== Segment start ==
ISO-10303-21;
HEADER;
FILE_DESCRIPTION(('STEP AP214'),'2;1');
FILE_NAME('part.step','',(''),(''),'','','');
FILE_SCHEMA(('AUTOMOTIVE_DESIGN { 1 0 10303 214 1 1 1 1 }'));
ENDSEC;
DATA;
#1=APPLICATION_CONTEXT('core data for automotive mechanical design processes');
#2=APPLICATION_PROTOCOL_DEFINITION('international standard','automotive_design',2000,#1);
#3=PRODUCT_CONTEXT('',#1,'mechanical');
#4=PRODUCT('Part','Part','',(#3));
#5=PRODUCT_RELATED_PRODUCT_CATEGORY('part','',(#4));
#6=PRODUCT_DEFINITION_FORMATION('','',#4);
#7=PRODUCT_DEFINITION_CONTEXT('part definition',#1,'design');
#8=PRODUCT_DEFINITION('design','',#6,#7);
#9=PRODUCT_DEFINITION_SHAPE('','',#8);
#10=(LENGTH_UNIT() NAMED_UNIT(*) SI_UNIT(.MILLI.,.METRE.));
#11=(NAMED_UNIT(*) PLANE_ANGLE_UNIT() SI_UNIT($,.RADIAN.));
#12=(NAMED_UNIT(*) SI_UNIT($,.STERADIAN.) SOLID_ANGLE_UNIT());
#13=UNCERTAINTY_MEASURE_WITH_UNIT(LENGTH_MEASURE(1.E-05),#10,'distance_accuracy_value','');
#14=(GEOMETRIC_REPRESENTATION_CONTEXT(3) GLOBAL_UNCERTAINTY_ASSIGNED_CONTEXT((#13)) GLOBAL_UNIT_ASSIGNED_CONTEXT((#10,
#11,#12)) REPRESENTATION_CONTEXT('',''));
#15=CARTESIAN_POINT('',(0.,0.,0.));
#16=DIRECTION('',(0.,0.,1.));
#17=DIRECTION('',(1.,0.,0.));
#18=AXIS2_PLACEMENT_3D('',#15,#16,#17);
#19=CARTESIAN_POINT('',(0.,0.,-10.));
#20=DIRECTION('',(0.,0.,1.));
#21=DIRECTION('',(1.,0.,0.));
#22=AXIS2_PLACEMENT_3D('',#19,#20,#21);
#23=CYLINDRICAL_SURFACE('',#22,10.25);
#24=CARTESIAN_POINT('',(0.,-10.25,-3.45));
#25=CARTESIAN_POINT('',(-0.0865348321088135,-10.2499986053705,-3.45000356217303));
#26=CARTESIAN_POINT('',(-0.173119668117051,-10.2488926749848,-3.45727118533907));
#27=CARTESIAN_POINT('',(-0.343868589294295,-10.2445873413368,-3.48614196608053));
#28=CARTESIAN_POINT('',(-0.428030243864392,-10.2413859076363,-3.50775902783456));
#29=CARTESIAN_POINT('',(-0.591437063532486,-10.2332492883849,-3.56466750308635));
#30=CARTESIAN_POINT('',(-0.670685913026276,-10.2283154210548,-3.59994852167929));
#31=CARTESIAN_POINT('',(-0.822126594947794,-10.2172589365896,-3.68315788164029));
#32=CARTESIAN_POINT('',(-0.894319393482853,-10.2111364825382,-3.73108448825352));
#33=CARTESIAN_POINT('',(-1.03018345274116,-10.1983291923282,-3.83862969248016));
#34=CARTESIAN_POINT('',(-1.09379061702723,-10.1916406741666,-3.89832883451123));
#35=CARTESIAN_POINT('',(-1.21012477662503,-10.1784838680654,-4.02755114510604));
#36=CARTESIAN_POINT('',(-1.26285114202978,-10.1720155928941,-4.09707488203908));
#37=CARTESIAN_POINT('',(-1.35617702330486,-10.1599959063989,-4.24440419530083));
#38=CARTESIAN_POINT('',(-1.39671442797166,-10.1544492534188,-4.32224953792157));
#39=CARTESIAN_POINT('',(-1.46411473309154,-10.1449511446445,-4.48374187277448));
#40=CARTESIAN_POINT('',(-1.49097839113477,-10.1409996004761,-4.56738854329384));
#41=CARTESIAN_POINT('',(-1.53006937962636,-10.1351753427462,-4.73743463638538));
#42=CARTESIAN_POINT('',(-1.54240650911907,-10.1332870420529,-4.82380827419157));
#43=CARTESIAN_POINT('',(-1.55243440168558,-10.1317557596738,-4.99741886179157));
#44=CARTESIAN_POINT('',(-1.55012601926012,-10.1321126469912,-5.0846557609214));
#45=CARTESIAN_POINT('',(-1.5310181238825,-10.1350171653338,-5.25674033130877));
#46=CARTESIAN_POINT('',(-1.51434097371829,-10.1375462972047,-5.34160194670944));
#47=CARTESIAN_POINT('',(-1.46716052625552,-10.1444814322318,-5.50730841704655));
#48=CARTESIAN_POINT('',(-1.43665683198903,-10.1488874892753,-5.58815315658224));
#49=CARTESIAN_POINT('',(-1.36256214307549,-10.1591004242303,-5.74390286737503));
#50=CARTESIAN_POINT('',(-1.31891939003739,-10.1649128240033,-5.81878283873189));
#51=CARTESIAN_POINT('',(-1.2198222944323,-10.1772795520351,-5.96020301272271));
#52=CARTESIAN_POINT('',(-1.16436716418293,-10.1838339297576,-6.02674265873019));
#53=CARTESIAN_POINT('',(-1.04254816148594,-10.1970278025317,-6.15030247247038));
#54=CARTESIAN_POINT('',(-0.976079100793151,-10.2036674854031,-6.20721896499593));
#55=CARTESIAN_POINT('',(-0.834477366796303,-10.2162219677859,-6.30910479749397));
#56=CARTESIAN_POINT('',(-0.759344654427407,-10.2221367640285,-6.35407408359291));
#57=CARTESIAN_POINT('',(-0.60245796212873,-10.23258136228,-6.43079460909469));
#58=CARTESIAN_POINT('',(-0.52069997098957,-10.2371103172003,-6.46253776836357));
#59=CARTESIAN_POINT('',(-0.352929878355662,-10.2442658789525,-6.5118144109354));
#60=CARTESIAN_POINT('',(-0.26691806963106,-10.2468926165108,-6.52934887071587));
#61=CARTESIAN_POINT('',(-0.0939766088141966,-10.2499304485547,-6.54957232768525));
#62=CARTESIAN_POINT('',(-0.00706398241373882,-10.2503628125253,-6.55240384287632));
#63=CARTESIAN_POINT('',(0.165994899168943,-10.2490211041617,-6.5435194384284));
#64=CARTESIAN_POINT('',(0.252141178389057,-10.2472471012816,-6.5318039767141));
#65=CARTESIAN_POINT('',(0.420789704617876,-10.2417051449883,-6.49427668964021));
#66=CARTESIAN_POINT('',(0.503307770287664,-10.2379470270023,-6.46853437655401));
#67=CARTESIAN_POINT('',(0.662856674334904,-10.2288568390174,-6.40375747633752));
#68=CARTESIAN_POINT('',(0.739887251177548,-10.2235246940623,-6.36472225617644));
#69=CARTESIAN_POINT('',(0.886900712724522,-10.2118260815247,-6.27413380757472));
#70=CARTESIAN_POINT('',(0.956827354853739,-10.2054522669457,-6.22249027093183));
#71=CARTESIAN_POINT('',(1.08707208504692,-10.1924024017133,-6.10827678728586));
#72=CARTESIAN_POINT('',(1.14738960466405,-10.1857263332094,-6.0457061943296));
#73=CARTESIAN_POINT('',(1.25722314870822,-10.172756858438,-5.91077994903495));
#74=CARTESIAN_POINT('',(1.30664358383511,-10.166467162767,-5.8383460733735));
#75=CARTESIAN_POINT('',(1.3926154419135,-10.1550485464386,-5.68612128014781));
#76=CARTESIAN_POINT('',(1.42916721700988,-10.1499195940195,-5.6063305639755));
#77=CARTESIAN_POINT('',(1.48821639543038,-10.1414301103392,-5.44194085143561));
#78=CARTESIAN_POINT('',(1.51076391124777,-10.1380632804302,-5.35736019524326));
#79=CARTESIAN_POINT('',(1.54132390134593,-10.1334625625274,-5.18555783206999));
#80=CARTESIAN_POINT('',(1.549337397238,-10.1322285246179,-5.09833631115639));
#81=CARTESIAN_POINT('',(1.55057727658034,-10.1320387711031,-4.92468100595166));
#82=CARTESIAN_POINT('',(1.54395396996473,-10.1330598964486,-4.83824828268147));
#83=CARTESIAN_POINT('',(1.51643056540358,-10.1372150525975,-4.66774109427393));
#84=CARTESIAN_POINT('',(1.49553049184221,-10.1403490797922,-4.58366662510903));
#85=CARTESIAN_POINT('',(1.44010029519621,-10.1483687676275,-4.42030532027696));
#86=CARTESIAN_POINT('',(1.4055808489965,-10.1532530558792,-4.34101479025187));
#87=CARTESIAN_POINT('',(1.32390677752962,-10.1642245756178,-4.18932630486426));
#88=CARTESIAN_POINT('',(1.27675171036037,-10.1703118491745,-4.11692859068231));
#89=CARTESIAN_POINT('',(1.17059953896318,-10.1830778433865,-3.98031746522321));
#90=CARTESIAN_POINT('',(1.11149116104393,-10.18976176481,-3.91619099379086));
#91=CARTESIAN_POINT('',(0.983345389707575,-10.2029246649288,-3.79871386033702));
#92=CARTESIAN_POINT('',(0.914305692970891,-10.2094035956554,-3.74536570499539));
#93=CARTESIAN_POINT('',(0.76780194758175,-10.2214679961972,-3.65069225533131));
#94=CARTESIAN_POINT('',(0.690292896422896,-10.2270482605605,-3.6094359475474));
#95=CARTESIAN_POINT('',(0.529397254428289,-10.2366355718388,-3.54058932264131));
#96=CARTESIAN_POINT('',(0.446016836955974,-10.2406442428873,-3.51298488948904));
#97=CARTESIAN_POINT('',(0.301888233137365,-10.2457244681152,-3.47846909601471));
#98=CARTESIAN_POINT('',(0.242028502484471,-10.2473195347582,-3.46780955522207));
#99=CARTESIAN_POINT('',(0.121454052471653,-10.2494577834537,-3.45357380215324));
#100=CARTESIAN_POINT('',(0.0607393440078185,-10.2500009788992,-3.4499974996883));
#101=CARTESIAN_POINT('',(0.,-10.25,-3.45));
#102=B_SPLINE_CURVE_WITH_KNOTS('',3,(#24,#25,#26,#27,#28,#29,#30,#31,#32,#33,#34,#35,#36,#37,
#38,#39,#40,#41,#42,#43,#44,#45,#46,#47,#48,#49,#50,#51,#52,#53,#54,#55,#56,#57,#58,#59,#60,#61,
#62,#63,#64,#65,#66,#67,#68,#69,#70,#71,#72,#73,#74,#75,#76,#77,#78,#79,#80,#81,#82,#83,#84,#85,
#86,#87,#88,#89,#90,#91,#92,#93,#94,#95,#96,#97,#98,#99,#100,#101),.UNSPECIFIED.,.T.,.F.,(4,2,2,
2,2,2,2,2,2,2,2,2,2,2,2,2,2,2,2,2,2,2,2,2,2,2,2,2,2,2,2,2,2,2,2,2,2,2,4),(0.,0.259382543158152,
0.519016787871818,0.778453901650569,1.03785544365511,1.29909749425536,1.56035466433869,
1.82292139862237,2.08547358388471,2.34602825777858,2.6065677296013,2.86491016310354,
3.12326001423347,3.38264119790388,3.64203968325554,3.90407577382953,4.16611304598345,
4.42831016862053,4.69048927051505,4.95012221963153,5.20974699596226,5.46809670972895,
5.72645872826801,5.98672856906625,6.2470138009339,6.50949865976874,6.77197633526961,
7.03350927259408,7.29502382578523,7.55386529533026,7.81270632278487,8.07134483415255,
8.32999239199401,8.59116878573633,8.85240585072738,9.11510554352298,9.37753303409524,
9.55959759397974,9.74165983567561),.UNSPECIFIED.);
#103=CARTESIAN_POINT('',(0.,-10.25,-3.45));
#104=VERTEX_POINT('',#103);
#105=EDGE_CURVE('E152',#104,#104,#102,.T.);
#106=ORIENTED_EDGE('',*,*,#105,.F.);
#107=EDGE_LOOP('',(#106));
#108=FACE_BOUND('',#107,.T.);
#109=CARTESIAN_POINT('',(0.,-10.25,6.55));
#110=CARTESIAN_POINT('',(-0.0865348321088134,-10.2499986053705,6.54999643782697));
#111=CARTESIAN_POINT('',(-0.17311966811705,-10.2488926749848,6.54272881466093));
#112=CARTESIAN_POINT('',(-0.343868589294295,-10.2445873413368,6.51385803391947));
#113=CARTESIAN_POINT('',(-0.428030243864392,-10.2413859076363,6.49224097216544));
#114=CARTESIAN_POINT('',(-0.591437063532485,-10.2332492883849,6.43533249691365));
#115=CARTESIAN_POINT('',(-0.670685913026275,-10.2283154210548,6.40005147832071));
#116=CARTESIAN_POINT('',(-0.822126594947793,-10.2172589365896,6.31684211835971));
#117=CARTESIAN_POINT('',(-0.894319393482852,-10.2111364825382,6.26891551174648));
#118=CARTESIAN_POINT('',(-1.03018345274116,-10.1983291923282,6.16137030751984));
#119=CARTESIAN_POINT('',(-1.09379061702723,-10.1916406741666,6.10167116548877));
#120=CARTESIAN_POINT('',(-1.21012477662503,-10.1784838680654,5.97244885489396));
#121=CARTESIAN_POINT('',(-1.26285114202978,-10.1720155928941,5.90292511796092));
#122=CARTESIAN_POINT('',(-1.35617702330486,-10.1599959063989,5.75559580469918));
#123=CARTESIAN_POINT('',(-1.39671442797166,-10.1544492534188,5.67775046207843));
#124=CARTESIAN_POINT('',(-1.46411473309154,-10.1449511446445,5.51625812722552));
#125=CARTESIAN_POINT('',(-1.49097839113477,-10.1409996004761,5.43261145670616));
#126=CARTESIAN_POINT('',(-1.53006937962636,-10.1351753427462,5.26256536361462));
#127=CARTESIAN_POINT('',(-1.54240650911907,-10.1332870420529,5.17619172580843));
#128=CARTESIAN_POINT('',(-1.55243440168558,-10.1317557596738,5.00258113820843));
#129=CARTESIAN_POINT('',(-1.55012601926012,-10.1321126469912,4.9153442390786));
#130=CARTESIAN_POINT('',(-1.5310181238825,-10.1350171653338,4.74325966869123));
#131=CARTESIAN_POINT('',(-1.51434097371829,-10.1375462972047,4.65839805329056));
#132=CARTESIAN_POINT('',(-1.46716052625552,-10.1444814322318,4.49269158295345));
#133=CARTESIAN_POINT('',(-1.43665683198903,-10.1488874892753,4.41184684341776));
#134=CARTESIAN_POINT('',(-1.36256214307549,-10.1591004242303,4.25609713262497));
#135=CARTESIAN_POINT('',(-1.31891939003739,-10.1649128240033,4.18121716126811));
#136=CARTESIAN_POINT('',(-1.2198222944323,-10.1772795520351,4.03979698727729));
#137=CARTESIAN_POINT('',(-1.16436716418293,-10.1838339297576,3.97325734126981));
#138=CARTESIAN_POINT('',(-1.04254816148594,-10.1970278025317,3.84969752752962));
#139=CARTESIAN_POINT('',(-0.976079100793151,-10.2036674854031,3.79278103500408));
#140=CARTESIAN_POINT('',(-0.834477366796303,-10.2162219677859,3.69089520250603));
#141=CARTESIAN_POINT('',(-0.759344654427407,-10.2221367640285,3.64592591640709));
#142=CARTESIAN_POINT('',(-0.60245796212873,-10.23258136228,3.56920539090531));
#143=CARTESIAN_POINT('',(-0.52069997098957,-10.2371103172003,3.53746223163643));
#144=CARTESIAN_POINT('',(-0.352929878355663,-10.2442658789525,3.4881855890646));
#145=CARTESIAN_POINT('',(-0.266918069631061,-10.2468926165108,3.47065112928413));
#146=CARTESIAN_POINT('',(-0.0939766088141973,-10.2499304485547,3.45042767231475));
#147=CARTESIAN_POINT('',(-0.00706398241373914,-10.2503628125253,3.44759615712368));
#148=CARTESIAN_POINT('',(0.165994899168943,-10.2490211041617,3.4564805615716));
== Segment end ==
• **EXERCISE OBJECTIVE**: Retype the entries above exactly, but only from the line containing "0 10303 214" through the line containing "#21=DIRECTION('',(1.,0.,0.));", both included.

• **RESULT OF THIS TASK**:
FILE_SCHEMA(('AUTOMOTIVE_DESIGN { 1 0 10303 214 1 1 1 1 }'));
ENDSEC;
DATA;
#1=APPLICATION_CONTEXT('core data for automotive mechanical design processes');
#2=APPLICATION_PROTOCOL_DEFINITION('international standard','automotive_design',2000,#1);
#3=PRODUCT_CONTEXT('',#1,'mechanical');
#4=PRODUCT('Part','Part','',(#3));
#5=PRODUCT_RELATED_PRODUCT_CATEGORY('part','',(#4));
#6=PRODUCT_DEFINITION_FORMATION('','',#4);
#7=PRODUCT_DEFINITION_CONTEXT('part definition',#1,'design');
#8=PRODUCT_DEFINITION('design','',#6,#7);
#9=PRODUCT_DEFINITION_SHAPE('','',#8);
#10=(LENGTH_UNIT() NAMED_UNIT(*) SI_UNIT(.MILLI.,.METRE.));
#11=(NAMED_UNIT(*) PLANE_ANGLE_UNIT() SI_UNIT($,.RADIAN.));
#12=(NAMED_UNIT(*) SI_UNIT($,.STERADIAN.) SOLID_ANGLE_UNIT());
#13=UNCERTAINTY_MEASURE_WITH_UNIT(LENGTH_MEASURE(1.E-05),#10,'distance_accuracy_value','');
#14=(GEOMETRIC_REPRESENTATION_CONTEXT(3) GLOBAL_UNCERTAINTY_ASSIGNED_CONTEXT((#13)) GLOBAL_UNIT_ASSIGNED_CONTEXT((#10,
#11,#12)) REPRESENTATION_CONTEXT('',''));
#15=CARTESIAN_POINT('',(0.,0.,0.));
#16=DIRECTION('',(0.,0.,1.));
#17=DIRECTION('',(1.,0.,0.));
#18=AXIS2_PLACEMENT_3D('',#15,#16,#17);
#19=CARTESIAN_POINT('',(0.,0.,-10.));
#20=DIRECTION('',(0.,0.,1.));
#21=DIRECTION('',(1.,0.,0.));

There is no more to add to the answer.